Pat Symonds: Unter anderem daran, dass Michael in der freien Runde nach Fernandos Stopp eine Traumrunde auf den Asphalt brannte. Er fuhr auf einmal eine 1.25,7 min. Sein Durchschnitt in den Umläufen davor lag bei 1.27,4 Minuten. Seine Zeiten während des zweiten Stints ließen absolut nicht darauf schließen, dass er urplötzlich ein derartiges Potenzial abrufen könnte.

Ist es nicht besonders frustrierend, derart knapp geschlagen zu werden?

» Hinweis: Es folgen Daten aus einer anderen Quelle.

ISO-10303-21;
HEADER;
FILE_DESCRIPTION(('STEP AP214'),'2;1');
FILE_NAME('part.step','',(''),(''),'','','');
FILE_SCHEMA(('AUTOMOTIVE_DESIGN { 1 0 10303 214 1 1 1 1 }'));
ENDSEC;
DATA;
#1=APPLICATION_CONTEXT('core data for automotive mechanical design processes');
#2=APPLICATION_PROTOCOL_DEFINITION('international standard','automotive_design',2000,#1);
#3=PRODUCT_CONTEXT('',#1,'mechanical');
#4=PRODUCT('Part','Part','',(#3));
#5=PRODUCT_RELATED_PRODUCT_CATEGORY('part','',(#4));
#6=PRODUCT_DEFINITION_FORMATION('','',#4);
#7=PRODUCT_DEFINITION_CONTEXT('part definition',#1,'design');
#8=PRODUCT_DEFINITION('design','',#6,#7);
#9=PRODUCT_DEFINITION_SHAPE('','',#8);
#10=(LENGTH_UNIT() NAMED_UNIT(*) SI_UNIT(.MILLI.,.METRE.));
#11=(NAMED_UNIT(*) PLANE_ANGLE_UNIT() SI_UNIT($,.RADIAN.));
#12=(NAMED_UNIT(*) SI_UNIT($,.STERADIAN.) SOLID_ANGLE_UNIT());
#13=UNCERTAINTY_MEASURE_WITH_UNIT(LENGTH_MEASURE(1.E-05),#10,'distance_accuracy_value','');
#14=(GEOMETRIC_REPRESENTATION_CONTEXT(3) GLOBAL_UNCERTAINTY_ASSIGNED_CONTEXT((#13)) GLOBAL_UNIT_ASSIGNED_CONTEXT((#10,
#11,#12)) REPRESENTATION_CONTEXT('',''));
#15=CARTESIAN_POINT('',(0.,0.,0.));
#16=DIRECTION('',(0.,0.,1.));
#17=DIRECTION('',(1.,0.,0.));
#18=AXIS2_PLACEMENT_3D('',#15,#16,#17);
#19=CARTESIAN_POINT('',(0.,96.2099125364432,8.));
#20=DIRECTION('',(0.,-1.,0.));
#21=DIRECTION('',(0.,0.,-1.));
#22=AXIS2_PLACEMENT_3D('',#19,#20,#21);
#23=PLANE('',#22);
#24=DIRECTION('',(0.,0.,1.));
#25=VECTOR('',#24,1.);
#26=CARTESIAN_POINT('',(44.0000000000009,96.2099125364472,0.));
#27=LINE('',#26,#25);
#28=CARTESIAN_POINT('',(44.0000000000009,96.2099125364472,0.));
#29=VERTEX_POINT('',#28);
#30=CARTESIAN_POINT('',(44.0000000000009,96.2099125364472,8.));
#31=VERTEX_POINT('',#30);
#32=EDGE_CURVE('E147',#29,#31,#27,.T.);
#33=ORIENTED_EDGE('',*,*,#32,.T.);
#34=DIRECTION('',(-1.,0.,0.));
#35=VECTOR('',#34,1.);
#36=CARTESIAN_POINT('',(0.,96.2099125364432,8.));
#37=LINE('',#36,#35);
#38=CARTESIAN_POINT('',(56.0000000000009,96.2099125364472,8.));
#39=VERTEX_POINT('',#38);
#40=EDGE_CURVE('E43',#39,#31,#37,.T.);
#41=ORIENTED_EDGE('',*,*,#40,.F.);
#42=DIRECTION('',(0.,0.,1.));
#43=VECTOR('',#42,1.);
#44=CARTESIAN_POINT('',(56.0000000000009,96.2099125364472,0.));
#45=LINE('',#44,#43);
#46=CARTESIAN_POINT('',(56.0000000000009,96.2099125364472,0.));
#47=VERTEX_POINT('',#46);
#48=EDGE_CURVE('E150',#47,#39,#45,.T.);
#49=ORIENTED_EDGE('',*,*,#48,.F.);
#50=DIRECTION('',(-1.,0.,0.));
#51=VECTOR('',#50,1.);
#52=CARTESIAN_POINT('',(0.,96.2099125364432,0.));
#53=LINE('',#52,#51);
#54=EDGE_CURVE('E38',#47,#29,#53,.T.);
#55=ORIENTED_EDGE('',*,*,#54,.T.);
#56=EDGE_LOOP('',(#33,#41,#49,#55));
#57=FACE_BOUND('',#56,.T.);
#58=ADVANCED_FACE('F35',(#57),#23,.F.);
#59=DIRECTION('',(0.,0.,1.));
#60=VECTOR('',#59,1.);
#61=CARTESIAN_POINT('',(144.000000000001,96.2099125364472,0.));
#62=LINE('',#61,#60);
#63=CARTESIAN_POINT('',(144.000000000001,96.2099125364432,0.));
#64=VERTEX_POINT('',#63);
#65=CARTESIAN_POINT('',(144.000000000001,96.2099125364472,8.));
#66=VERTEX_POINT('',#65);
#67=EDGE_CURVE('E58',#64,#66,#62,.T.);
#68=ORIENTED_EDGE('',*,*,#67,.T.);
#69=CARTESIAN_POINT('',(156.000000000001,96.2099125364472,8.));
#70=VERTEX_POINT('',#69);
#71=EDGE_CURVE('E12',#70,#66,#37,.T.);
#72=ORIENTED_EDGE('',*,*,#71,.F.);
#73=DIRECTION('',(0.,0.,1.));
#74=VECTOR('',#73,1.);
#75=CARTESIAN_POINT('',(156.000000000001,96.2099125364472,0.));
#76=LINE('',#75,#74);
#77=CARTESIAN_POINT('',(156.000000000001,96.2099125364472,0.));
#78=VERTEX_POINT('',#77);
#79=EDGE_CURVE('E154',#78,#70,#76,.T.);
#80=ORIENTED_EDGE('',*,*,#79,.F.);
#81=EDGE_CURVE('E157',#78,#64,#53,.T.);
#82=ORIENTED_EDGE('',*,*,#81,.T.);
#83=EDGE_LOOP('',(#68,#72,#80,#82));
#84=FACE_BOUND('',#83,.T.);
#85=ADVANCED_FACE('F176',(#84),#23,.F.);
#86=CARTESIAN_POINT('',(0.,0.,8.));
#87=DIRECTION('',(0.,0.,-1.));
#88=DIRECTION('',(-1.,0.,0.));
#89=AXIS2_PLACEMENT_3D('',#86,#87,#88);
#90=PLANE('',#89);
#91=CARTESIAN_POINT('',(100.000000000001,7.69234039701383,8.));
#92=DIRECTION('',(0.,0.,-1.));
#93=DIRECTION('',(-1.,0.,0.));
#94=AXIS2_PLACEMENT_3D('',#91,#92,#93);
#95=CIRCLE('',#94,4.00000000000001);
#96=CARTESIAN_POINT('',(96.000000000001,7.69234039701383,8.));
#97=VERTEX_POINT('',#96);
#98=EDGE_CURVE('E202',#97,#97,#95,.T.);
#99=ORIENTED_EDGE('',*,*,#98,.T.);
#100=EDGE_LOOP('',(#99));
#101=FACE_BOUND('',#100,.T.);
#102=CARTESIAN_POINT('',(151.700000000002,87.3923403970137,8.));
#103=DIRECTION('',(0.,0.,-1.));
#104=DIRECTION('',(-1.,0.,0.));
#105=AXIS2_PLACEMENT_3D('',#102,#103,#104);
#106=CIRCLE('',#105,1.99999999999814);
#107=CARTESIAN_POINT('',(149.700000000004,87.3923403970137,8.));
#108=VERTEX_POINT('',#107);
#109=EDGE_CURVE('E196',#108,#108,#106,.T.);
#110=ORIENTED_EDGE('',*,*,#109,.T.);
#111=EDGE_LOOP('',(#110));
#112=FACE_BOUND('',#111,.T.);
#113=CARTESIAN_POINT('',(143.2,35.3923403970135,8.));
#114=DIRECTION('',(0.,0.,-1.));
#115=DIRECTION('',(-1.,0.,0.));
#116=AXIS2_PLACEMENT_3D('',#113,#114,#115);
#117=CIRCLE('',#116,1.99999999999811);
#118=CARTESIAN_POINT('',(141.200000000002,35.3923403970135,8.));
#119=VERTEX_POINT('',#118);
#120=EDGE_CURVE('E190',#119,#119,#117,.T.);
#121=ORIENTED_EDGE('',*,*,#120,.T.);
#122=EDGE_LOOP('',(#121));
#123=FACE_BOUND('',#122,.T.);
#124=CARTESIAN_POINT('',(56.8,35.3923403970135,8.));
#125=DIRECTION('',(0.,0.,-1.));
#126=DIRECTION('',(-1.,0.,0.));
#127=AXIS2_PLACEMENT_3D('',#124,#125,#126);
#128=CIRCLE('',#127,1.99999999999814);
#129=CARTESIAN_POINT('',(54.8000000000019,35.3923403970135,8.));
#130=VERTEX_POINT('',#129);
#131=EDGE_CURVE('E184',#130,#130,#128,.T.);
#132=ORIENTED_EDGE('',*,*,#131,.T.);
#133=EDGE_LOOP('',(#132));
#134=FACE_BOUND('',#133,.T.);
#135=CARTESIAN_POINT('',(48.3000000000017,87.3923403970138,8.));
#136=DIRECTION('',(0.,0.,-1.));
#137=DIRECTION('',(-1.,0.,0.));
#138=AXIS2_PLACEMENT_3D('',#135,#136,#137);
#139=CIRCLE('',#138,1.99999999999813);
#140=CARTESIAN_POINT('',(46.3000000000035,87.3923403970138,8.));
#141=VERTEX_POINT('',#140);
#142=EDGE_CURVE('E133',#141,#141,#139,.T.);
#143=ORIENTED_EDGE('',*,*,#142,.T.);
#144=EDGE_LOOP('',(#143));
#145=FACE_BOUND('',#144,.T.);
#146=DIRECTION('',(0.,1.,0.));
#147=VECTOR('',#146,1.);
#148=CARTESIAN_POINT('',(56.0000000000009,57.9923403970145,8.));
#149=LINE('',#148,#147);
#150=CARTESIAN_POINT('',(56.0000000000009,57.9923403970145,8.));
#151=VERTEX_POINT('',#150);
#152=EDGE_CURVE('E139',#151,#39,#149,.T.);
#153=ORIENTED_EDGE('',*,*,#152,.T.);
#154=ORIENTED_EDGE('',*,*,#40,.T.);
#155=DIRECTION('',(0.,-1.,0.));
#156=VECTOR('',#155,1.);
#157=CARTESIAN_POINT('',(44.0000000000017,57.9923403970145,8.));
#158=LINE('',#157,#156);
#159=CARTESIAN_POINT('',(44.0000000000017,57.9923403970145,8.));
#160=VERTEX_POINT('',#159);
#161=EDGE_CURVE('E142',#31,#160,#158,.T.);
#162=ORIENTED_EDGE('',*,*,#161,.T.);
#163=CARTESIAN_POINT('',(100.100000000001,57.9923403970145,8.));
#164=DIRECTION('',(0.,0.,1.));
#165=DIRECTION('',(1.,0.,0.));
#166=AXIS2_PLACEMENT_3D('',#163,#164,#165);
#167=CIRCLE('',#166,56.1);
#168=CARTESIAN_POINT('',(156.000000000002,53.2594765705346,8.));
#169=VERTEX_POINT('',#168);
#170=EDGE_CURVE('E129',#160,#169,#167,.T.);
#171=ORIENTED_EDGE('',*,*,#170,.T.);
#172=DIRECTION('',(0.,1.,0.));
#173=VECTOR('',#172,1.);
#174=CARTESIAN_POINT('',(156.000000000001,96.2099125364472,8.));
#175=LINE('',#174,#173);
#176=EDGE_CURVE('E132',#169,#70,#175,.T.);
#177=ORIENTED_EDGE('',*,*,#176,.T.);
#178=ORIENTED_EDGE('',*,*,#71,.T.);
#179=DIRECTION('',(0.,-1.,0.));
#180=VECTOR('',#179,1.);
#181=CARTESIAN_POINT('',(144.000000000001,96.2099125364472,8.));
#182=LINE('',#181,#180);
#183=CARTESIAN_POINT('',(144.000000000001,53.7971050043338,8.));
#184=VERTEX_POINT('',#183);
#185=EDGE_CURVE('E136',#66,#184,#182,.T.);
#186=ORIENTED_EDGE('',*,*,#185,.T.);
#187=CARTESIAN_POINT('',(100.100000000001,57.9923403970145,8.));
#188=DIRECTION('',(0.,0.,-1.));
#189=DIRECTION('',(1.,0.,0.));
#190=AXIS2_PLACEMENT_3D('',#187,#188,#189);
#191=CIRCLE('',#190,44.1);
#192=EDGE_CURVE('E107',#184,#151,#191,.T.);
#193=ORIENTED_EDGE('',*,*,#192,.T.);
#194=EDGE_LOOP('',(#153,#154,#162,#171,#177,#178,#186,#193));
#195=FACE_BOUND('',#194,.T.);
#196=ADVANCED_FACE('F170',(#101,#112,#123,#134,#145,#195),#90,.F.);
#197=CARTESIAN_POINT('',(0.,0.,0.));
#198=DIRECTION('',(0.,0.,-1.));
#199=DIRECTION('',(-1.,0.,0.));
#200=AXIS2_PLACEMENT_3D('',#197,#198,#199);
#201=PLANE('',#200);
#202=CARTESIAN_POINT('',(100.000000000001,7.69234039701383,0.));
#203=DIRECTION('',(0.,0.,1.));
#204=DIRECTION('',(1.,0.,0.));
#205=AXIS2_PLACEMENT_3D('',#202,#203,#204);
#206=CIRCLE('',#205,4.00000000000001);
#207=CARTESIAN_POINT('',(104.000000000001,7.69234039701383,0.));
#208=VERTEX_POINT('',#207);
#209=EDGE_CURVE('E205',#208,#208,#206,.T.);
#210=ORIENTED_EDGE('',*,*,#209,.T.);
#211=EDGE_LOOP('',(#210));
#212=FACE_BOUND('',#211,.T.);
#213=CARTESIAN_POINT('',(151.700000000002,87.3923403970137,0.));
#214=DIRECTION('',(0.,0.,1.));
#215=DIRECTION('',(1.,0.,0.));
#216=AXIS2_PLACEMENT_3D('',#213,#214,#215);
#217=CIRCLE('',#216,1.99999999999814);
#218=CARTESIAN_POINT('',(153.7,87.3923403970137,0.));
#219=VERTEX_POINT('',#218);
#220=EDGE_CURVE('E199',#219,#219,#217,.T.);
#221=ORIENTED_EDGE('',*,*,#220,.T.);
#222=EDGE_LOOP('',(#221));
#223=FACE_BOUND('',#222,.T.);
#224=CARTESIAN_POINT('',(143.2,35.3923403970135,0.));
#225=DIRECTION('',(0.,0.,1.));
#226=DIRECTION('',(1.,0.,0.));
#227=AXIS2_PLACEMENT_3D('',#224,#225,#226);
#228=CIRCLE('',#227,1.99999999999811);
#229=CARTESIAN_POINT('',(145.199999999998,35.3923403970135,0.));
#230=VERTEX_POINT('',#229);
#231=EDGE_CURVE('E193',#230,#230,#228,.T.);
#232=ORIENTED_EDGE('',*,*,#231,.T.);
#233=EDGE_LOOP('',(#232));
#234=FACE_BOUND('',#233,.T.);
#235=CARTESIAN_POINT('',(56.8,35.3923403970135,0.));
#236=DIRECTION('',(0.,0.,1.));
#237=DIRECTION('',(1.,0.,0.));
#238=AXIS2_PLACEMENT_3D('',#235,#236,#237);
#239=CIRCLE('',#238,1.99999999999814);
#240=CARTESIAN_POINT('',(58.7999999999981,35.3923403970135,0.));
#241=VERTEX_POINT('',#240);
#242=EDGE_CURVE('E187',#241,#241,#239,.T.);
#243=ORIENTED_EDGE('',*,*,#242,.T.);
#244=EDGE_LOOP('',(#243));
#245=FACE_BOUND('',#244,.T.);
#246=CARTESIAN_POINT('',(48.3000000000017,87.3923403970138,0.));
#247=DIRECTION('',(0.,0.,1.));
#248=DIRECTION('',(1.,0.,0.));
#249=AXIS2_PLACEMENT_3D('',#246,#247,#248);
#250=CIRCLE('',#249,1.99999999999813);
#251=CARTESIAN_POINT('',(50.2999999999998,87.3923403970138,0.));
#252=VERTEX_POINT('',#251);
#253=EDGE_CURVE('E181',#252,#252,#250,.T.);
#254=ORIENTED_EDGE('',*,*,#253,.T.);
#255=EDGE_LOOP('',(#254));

Pat Symonds: Um ehrlich zu sein: Das ist es doch, was den Motorsport ausmacht. Vor der Leistung von Michael und Ferrari ziehen wir den Hut. Sie haben alle getäuscht. Wir hätten auch an unserer geplanten Strategie festhalten können, wären aber trotzdem nur Zweiter geworden. Dann wäre ich richtig frustriert, weil wir nicht alles versucht hätten und wir uns die Frage hätten stellen müssen, "was wäre gewesen, wenn ...". Wir haben alles versucht, aber es reichte nicht. Wir sahen zwei gleichwertige Piloten in gleichwertigen Autos um den Sieg kämpfen*. Bereits unmittelbar nach dem Rennen habe ich gesagt: Wer nicht wagt, der nicht gewinnt. Dabei bleibe ich – umso mehr da wir auch überhaupt nichts verloren haben.